I'm currently a 2 yr I/E Tech and waiting to hear back from a DCS Field Engineer job I interviewed for. It was no secret I have minimal experience programming or even having much knowledge of DCS systems. I asked the engineer interviewing me about this and I'm guessing it went well because he assured me he can teach technical skills but can't teach people how to communicate good and treat customers right (they've been at one location for 13 years now). If I'm offered the job should I take it no matter the salary he says? To me this is like a whole new door opening to me and I think a good chance to start advancing my career. I have been wanting to get into a more automation type role. What should I expect going into a job like this? He said my knowledge of field instrumentation will help complete the overall picture and one of the reasons he is considering me. Also have a Bachelors in General Business which may help, job description asked for EE, ME, or Engineering Technology undergrad. Thoughts? Does this type of job transition usually happen?


----------



## Edgy Cheesy Graphite PE (Jan 11, 2021)

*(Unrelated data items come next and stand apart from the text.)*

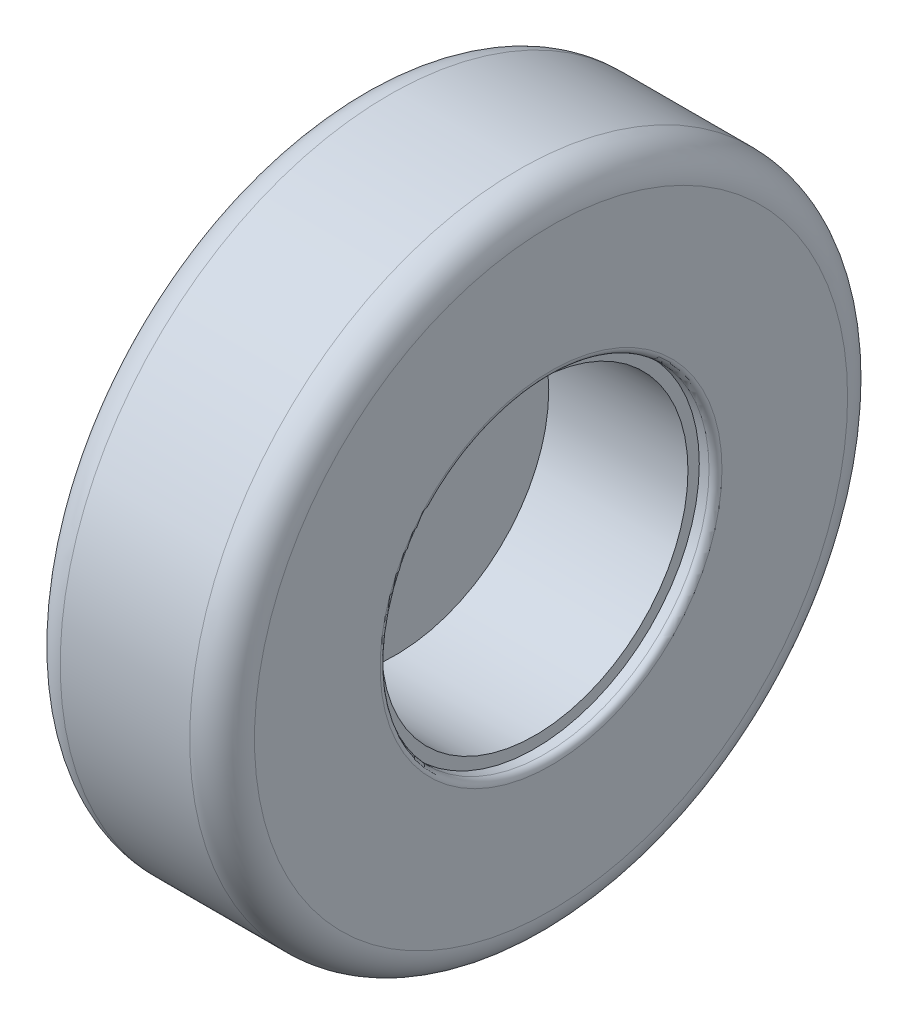
SolidWorks part; units mm, degrees
other "LHS Wheel" parameters "D1"=13.6453, "D2"=113.5139, "D3"=155.7266, "D4"=155.7266, "D19"=5
material "Rubber"
ref_plane "Front Plane" through (0, 0, 0) normal (0, 0, 1) x (1, 0, 0)
ref_plane "Top Plane" through (0, 0, 0) normal (0, 1, 0) x (1, 0, 0)
ref_plane "Right Plane" through (0, 0, 0) normal (1, 0, 0) x (0, 0, -1)
sketch "Sketch1" plane through (0, 0, 0) normal (1, 0, 0) x (0, 0, -1)
  circle A1 centre (0, 0) radius 7.625
  circle A2 centre (0, 0) radius 50.8
  dimension "D1" = 15.25
  dimension "D3" = 101.6
extrude "Hub Face" add sketch "Sketch1" along normal blind 7 from offset 5
sketch "Sketch2" plane through (0, 0, 0) normal (1, 0, 0) x (0, 0, -1)
  circle A0 centre (0, 0) radius 50.8
  circle A1 centre (0, 0) radius 47.3
  dimension "D1" = 101.6
  dimension "D2" = 94.6
extrude "Hub" add sketch "Sketch2" along normal blind 50 from offset 5
sketch "Sketch3" plane through (0, 0, 0) normal (1, 0, 0) x (0, 0, -1)
  circle A0 centre (0, 0) radius 101.6
  circle A1 centre (0, 0) radius 50.8
  dimension "D1" = 203.2
  dimension "D2" = 101.6
extrude "Rubber" add sketch "Sketch3" along normal blind 60
fillet "Fillet1" radius 10 2 edges at (0, 0, -101.6) (60, 0, -101.6)
fillet "Fillet2" radius 2 2 edges at (60, 0, -50.8) (0, 0, -50.8)
mirror "Mirror1" [suppressed] about plane through (0, 0, 0) normal (1, 0, 0)
equation "\"tireWidth\"= 60mm"
equation "\"tireDiameter\" = 8in"
equation "\"shaftDiameter\"= 15mm"
equation "\"hubDiameter\"= 4in"
equation "\"D1@Sketch1\"=\"shaftDiameter\" + 0.25mm"
equation "\"hubMaterialThickness\"= 7mm"
equation "\"D1@Hub Face\" = \"hubMaterialThickness\""
equation "\"D3@Sketch1\"=\"hubDiameter\""
equation "\"D1@Sketch2\"=\"hubDiameter\""
equation "\"D2@Sketch2\"=\"hubDiameter\"-\"hubMaterialThickness\""
equation "\"D1@Hub\"=\"hubWidth\""
equation "\"D1@Sketch3\"=\"tireDiameter\""
equation "\"D2@Sketch3\"=\"hubDiameter\""
equation "\"D1@Rubber\" = \"tireWidth\""
equation "\"hubWidth\"= 50mm"
equation "\"D19@Hub\"=(\"tireWidth\"-\"hubWidth\")/2"
equation "\"D19@Hub Face\"=(\"tireWidth\"-\"hubWidth\")/2"

Many people transition from technician jobs to engineering jobs. It's very common. But many people won't consider you a "real engineer" if you don't have an engineering degree. How acceptable it is will vary from company to company. I've known a couple people without engineering degrees who moved up from production/technician/drafting jobs to engineering jobs based on experience only. But both of them were stuck at their current company because other companies wouldn't consider them for an engineering position.

So yeah, this sounds like a great opportunity for you. I assume it's a better job, more money, etc. If it's what you want, you should definitely go for it. But I say the other stuff just for you to realize that even though you're now an "engineer" your options may be limited if you don't go back to school and get a bachelors degree in engineering. 

My recommendation, take the job and find a program where you can get a BS in engineering either online or through night classes and start pursuing that, ESPECIALLY if you company will pay for it.

Also from what I understand very few states will allow you to get a Professional Engineering license without a bachelor's in engineering. But it doesn't sound like that's something you're looking for now. Just something to keep in mind.


----------